ACTIVITY: Please repeat the lines below exactly. Begin with the line containing "242), rotation=90, one_color=1, tint=0.74, name='INVCURVED')" and go on through the line containing "157), rotation=90, one_color=1, tint=0.74, name='INVCURVED')".

PROVIDED MATERIAL:
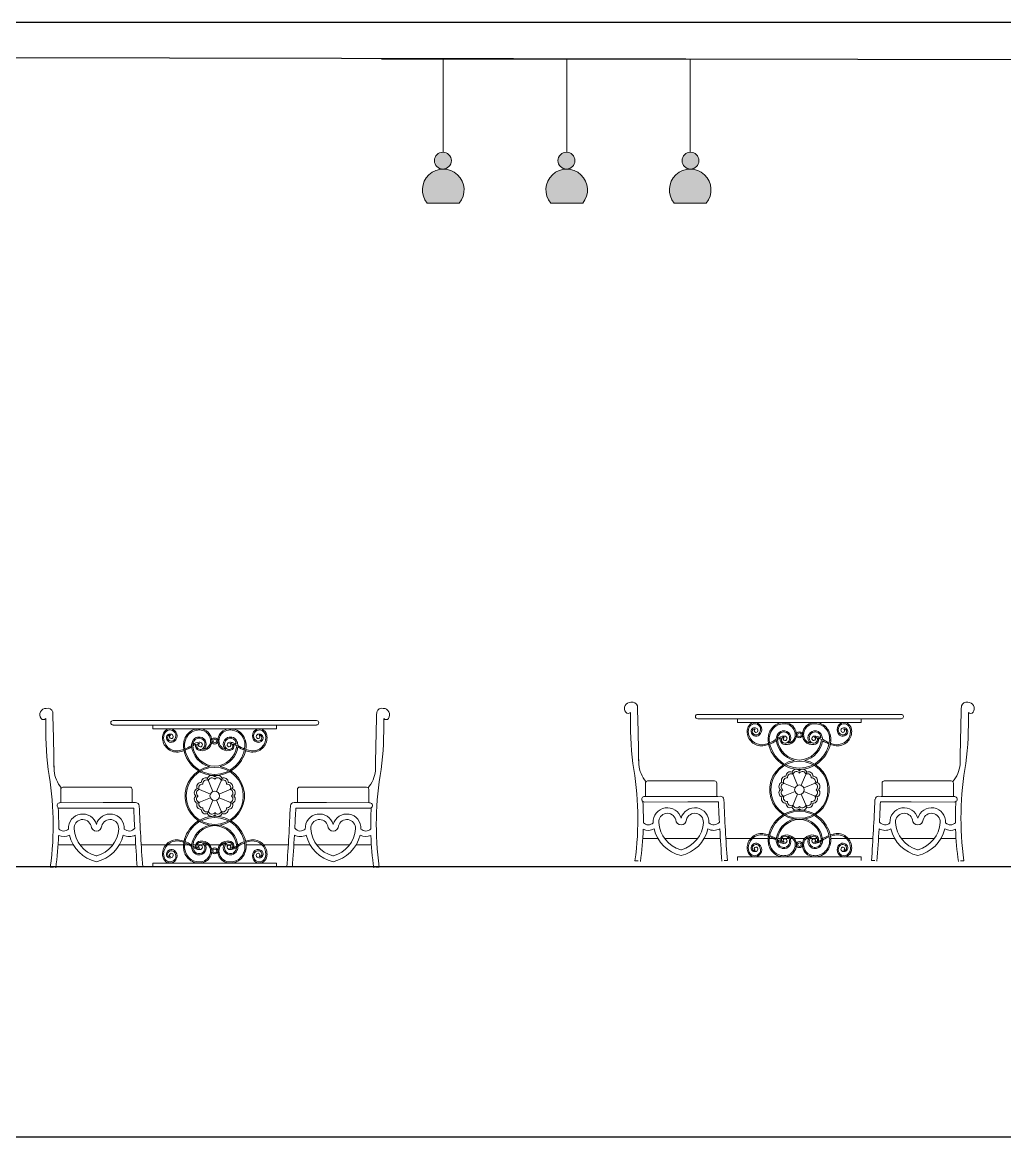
# Model space of a CAD drawing. Header units: millimetres. Extents: x -315744025 to 315695903, y -17416609 to 215511297.
# Drawn here: x 536284 to 540648, y 144005 to 148955 of the extents above; entities that cross this region are included whole.
import ezdxf

# ---------------------------------------------------------------- set-up
doc = ezdxf.new("R2010")
doc.units = ezdxf.units.MM
doc.layers.add('finiture', color=7, linetype='Continuous', lineweight=20)

msp = doc.modelspace()

# ---------------------------------------------------------------- hatches: boundary and pattern name
at = {"layer": 'finiture', "linetype": 'ByBlock'}
h = msp.add_hatch(color=41, dxfattribs=at)
h.dxf.hatch_style = 1
h.set_gradient(color1=(241, 214, 126), color2=(242, 217, 136), rotation=90, one_color=1, tint=0.74, name='INVCURVED')
h.paths.add_polyline_path([(538114.7, 148339.9, -1), (538189.6, 148339.9, -0.402801), (538153.6, 148302.5, -0.635581), (538224.7, 148150.8), (538082.5, 148150.8, -0.627689), (538151.5, 148302.4, -0.409373)])
at = {"layer": 'finiture'}
h = msp.add_hatch(color=8, dxfattribs=at)
h.dxf.hatch_style = 1
h.set_gradient(color1=(126, 114, 99), color2=(86, 77, 67), rotation=135, one_color=1, tint=0.3, name='HEMISPHERICAL')
h.paths.add_polyline_path([(538153.6, 148302.5, 0.402801), (538189.6, 148339.9, 1), (538114.7, 148339.9, 0.409373), (538151.5, 148302.4, -0.005642)])
at = {"layer": 'finiture', "linetype": 'ByBlock'}
h = msp.add_hatch(color=201, dxfattribs=at)
h.dxf.hatch_style = 1
h.set_gradient(color1=(214, 126, 241), color2=(217, 136, 242), rotation=90, one_color=1, tint=0.74, name='INVCURVED')
h.paths.add_polyline_path([(538663.2, 148339.9, -1), (538738.2, 148339.9, -0.402801), (538702.1, 148302.5, -0.635581), (538773.3, 148150.8), (538631, 148150.8, -0.627689), (538700.1, 148302.4, -0.409373)])
at = {"layer": 'finiture'}
h = msp.add_hatch(color=8, dxfattribs=at)
h.dxf.hatch_style = 1
h.set_gradient(color1=(126, 114, 99), color2=(86, 77, 67), rotation=135, one_color=1, tint=0.3, name='HEMISPHERICAL')
h.paths.add_polyline_path([(538702.1, 148302.5, 0.402801), (538738.2, 148339.9, 1), (538663.2, 148339.9, 0.409373), (538700.1, 148302.4, -0.005642)])
h = msp.add_hatch(color=8, dxfattribs=at)
h.dxf.hatch_style = 1
h.set_gradient(color1=(126, 114, 99), color2=(86, 77, 67), rotation=135, one_color=1, tint=0.3, name='HEMISPHERICAL')
h.paths.add_polyline_path([(539250.7, 148302.5, -0.005642), (539252.8, 148302.4, 0.409373), (539289.6, 148339.9, 1), (539214.6, 148339.9, 0.402801)])
at = {"layer": 'finiture', "linetype": 'ByBlock'}
h = msp.add_hatch(color=242, dxfattribs=at)
h.dxf.hatch_style = 1
h.set_gradient(color1=(219, 36, 66), color2=(236, 141, 157), rotation=90, one_color=1, tint=0.74, name='INVCURVED')
h.paths.add_polyline_path([(539321.8, 148150.8, 0.635581), (539250.7, 148302.5, -0.01392), (539248.6, 148302.4, 0.627689), (539179.6, 148150.8)])

# ---------------------------------------------------------------- linework, layer by layer
for p, q in [((533345.9, 148954.5), (620495.9, 148954.5)), ((533575.9, 148804), (553195.9, 148762.4)), ((533575.9, 145204.5), (553195.9, 145204.5)), ((533575.9, 145204.5), (553195.9, 145204.5)), ((519328.8, 144004.5), (638501.8, 144004.5))]:
    msp.add_line(p, q)
at = {"layer": 'finiture'}
for p, q in [((537879.3, 148790.8), (539524.9, 148790.8)), ((538427.9, 148790.8), (537879.3, 148790.8)), ((538153.6, 148790.8), (538153.6, 148377.4)), ((538702.1, 148790.8), (538702.1, 148377.4)), ((539250.7, 148790.8), (539250.7, 148377.4)), ((538082.5, 148150.8), (538224.7, 148150.8)), ((538631, 148150.8), (538773.3, 148150.8)), ((539321.8, 148150.8), (539179.6, 148150.8)), ((536864, 145816.4), (536864, 145833.2)), ((536864, 145833.2), (537413.3, 145833.2)), ((537413.3, 145816.4), (537413.3, 145833.2)), ((539461.2, 145844), (539461.2, 145860.8)), ((539461.2, 145860.8), (540010.5, 145860.8)), ((539461.2, 145844), (540010.5, 145844)), ((540010.5, 145844), (540010.5, 145860.8)), ((536864, 145816.4), (537413.3, 145816.4)), ((537106.3, 145596.2), (537130.6, 145537.7)), ((537170.9, 145596.2), (537146.7, 145537.7)), ((539061.4, 145584.6), (539358.7, 145585.1)), ((539239.5, 145584.8), (539274.4, 145585)), ((539703.5, 145623.8), (539727.7, 145565.3)), ((539768.1, 145623.8), (539743.9, 145565.3)), ((540410.3, 145584.6), (540113, 145585.1)), ((540232.1, 145584.8), (540197.3, 145585)), ((536454.4, 145488.1), (536454.3, 145547.1)), ((536464.2, 145557), (536761.5, 145557.5)), ((536642.4, 145557.2), (536677.2, 145557.4)), ((536771.4, 145488.6), (536771.3, 145547.7)), ((537060.6, 145550.5), (537119.1, 145526.3)), ((537216.6, 145550.5), (537158.1, 145526.3)), ((537505.8, 145488.6), (537505.9, 145547.7)), ((537813.1, 145557), (537515.8, 145557.5)), ((537634.9, 145557.2), (537600.1, 145557.4)), ((537822.9, 145488.1), (537822.9, 145547.1)), ((539051.6, 145515.7), (539051.5, 145574.7)), ((539368.6, 145516.2), (539368.5, 145575.3)), ((539657.8, 145578.1), (539716.3, 145553.9)), ((539657.8, 145513.5), (539716.3, 145537.7)), ((539813.8, 145578.1), (539755.3, 145553.9)), ((539813.8, 145513.5), (539755.3, 145537.7)), ((540103, 145516.2), (540103.1, 145575.3)), ((540420, 145515.7), (540420.1, 145574.7)), ((536642.5, 145488.3), (536449.7, 145488)), ((536642.5, 145488.3), (536776.2, 145488.6)), ((536776.2, 145488.6), (536786.5, 145489.1)), ((537060.6, 145485.9), (537119.1, 145510.1)), ((537130.6, 145498.7), (537106.3, 145440.2)), ((537170.9, 145440.2), (537146.7, 145498.7)), ((537216.6, 145485.9), (537158.1, 145510.1)), ((537501.1, 145488.6), (537490.8, 145489.1)), ((537634.8, 145488.3), (537501.1, 145488.6)), ((537634.8, 145488.3), (537827.6, 145488)), ((539239.7, 145491.3), (539040.8, 145491)), ((539239.6, 145515.9), (539046.9, 145515.6)), ((539239.6, 145515.9), (539373.4, 145516.2)), ((539239.7, 145491.3), (539375.9, 145491.6)), ((539373.4, 145516.2), (539383.6, 145516.7)), ((539727.7, 145526.3), (539703.5, 145467.8)), ((539768.1, 145467.8), (539743.9, 145526.3)), ((540098.3, 145516.2), (540088, 145516.7)), ((540232, 145491.3), (540095.8, 145491.6)), ((540232, 145515.9), (540098.3, 145516.2)), ((540232, 145515.9), (540424.8, 145515.6)), ((540232, 145491.3), (540430.9, 145491)), ((536642.5, 145463.7), (536443.6, 145463.4)), ((536642.5, 145463.7), (536778.7, 145464)), ((537634.8, 145463.7), (537498.6, 145464)), ((537634.8, 145463.7), (537833.7, 145463.4)), ((536442.8, 145301.7), (536510, 145301.7)), ((536539.3, 145301.7), (536686.4, 145301.7)), ((536715.7, 145301.7), (536787.4, 145301.7)), ((536812, 145301.7), (536922.3, 145301.7)), ((536929.5, 145301.7), (536999.4, 145301.7)), ((537004.7, 145301.7), (537036.3, 145301.7)), ((537041.6, 145301.7), (537054.1, 145301.7)), ((537059.7, 145301.7), (537091.3, 145301.7)), ((537097.3, 145301.7), (537108.5, 145301.7)), ((537115.6, 145301.7), (537161.7, 145301.7)), ((537161.7, 145301.7), (537115.6, 145301.7)), ((537180, 145301.7), (537168.8, 145301.7)), ((537217.6, 145301.7), (537186, 145301.7)), ((537347.8, 145301.7), (537277.9, 145301.7)), ((537465.3, 145301.7), (537355, 145301.7)), ((537561.6, 145301.7), (537489.9, 145301.7)), ((537738, 145301.7), (537590.9, 145301.7)), ((537834.5, 145301.7), (537767.3, 145301.7)), ((539040, 145329.3), (539107.1, 145329.3)), ((539136.5, 145329.3), (539283.6, 145329.3)), ((539312.9, 145329.3), (539384.5, 145329.3)), ((539409.2, 145329.3), (539519.4, 145329.3)), ((539526.7, 145329.3), (539596.6, 145329.3)), ((539601.8, 145329.3), (539633.5, 145329.3)), ((539638.8, 145329.3), (539651.3, 145329.3)), ((539656.9, 145329.3), (539688.5, 145329.3)), ((539694.5, 145329.3), (539705.7, 145329.3)), ((539712.8, 145329.3), (539758.9, 145329.3)), ((539758.9, 145329.3), (539712.8, 145329.3)), ((539777.2, 145329.3), (539766, 145329.3)), ((539814.7, 145329.3), (539783.2, 145329.3)), ((539945, 145329.3), (539875.1, 145329.3)), ((540062.5, 145329.3), (539952.2, 145329.3)), ((540158.8, 145329.3), (540087.1, 145329.3)), ((540335.2, 145329.3), (540188.1, 145329.3)), ((540431.7, 145329.3), (540364.5, 145329.3)), ((539461.2, 145247.6), (539461.2, 145230.8)), ((539461.2, 145247.6), (540010.5, 145247.6)), ((540010.5, 145247.6), (540010.5, 145230.8)), ((536408.2, 145202.5), (536423, 145202.5)), ((536818.5, 145203.2), (536803.7, 145203.2)), ((536864, 145220), (536864, 145203.2)), ((536864, 145220), (537413.3, 145220)), ((537413.3, 145220), (537413.3, 145203.2)), ((537458.8, 145203.2), (537473.5, 145203.2)), ((537869.1, 145202.5), (537854.3, 145202.5)), ((539005.4, 145230.1), (539020.2, 145230.1)), ((539415.7, 145230.8), (539400.9, 145230.8)), ((540055.9, 145230.8), (540070.7, 145230.8)), ((540466.3, 145230.1), (540451.5, 145230.1))]:
    msp.add_line(p, q, dxfattribs=at)
at = {"layer": 'finiture', "linetype": 'Continuous'}
for p, q in [((539284, 145880.5), (540187.6, 145880.5)), ((536686.8, 145852.9), (537590.5, 145852.9)), ((536864, 145833.2), (536686.8, 145833.2)), ((537413.3, 145833.2), (537590.5, 145833.2)), ((539461.2, 145860.8), (539284, 145860.8)), ((540010.5, 145860.8), (540187.6, 145860.8))]:
    msp.add_line(p, q, dxfattribs=at)
at = {"layer": 'finiture'}
for centre, radius in [((538152.1, 148339.9), 37.5), ((538700.7, 148339.9), 37.5), ((539252.1, 148339.9), 37.5), ((539735.8, 145789.7), 13.3), ((539735.8, 145789.7), 8.07), ((537138.6, 145762.1), 13.3), ((537138.6, 145762.1), 8.07), ((537138.6, 145518.2), 126.9), ((539735.8, 145545.8), 126.9), ((537138.6, 145518.2), 21.1), ((539735.8, 145545.8), 21.1), ((537138.6, 145274.2), 13.3), ((539735.8, 145301.8), 13.3), ((539735.8, 145301.8), 8.07), ((537138.6, 145274.2), 8.07)]:
    msp.add_circle(centre, radius, dxfattribs=at)
for centre, radius, start, end in [((538153.6, 148210), 92.5, 320.243, 219.757), ((538702.1, 148210), 92.5, 320.243, 219.757), ((539250.7, 148210), 92.5, 320.243, 219.757), ((538987.4, 145906.2), 28.6, 90, 215.6526), ((538993, 145911.1), 24.3, 16.9293, 103.3523), ((540478.6, 145911.1), 24.3, 76.6477, 163.0707), ((540484.2, 145906.2), 28.6, 324.3474, 90), ((536390.2, 145878.6), 28.6, 90, 215.6526), ((536395.8, 145883.5), 24.3, 16.9293, 103.3523), ((517637.3, 145332.1), 18790.1, 0.90211, 1.705), ((556640, 145332.1), 18790.1, 178.295, 179.09789), ((537881.5, 145883.5), 24.3, 76.6477, 163.0707), ((537887.1, 145878.6), 28.6, 324.3474, 90), ((538974.8, 145898.4), 13.8, 219.7869, 317.8232), ((540610.8, 145855.2), 1626, 178.805, 186.7973), ((520234.5, 145359.7), 18790.1, 0.90211, 1.705), ((559237.2, 145359.7), 18790.1, 178.295, 179.09789), ((538860.9, 145855.2), 1626, 353.2027, 1.195), ((540496.8, 145898.4), 13.8, 222.1768, 320.2131), ((536377.6, 145870.8), 13.8, 219.7869, 317.8232), ((538013.6, 145827.6), 1626, 178.805, 186.7973), ((536263.7, 145827.6), 1626, 353.2027, 1.195), ((537899.7, 145870.8), 13.8, 222.1768, 320.2131), ((539537.1, 145812.8), 31.4, 101.1513, 157.4043), ((539537.1, 145812.8), 26.1, 103.4223, 157.4043), ((539537.4, 145804.2), 39.8, 83.1603, 100.57), ((539537.4, 145804.2), 34.6, 83.1603, 100.57), ((539537.1, 145812.8), 31.4, 310.066, 81.9368), ((539537.1, 145812.8), 26.1, 310.066, 80.308), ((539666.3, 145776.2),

RESULT OF THIS EXERCISE:
h.set_gradient(color1=(214, 126, 241), color2=(217, 136, 242), rotation=90, one_color=1, tint=0.74, name='INVCURVED')
h.paths.add_polyline_path([(538663.2, 148339.9, -1), (538738.2, 148339.9, -0.402801), (538702.1, 148302.5, -0.635581), (538773.3, 148150.8), (538631, 148150.8, -0.627689), (538700.1, 148302.4, -0.409373)])
at = {"layer": 'finiture'}
h = msp.add_hatch(color=8, dxfattribs=at)
h.dxf.hatch_style = 1
h.set_gradient(color1=(126, 114, 99), color2=(86, 77, 67), rotation=135, one_color=1, tint=0.3, name='HEMISPHERICAL')
h.paths.add_polyline_path([(538702.1, 148302.5, 0.402801), (538738.2, 148339.9, 1), (538663.2, 148339.9, 0.409373), (538700.1, 148302.4, -0.005642)])
h = msp.add_hatch(color=8, dxfattribs=at)
h.dxf.hatch_style = 1
h.set_gradient(color1=(126, 114, 99), color2=(86, 77, 67), rotation=135, one_color=1, tint=0.3, name='HEMISPHERICAL')
h.paths.add_polyline_path([(539250.7, 148302.5, -0.005642), (539252.8, 148302.4, 0.409373), (539289.6, 148339.9, 1), (539214.6, 148339.9, 0.402801)])
at = {"layer": 'finiture', "linetype": 'ByBlock'}
h = msp.add_hatch(color=242, dxfattribs=at)
h.dxf.hatch_style = 1
h.set_gradient(color1=(219, 36, 66), color2=(236, 141, 157), rotation=90, one_color=1, tint=0.74, name='INVCURVED')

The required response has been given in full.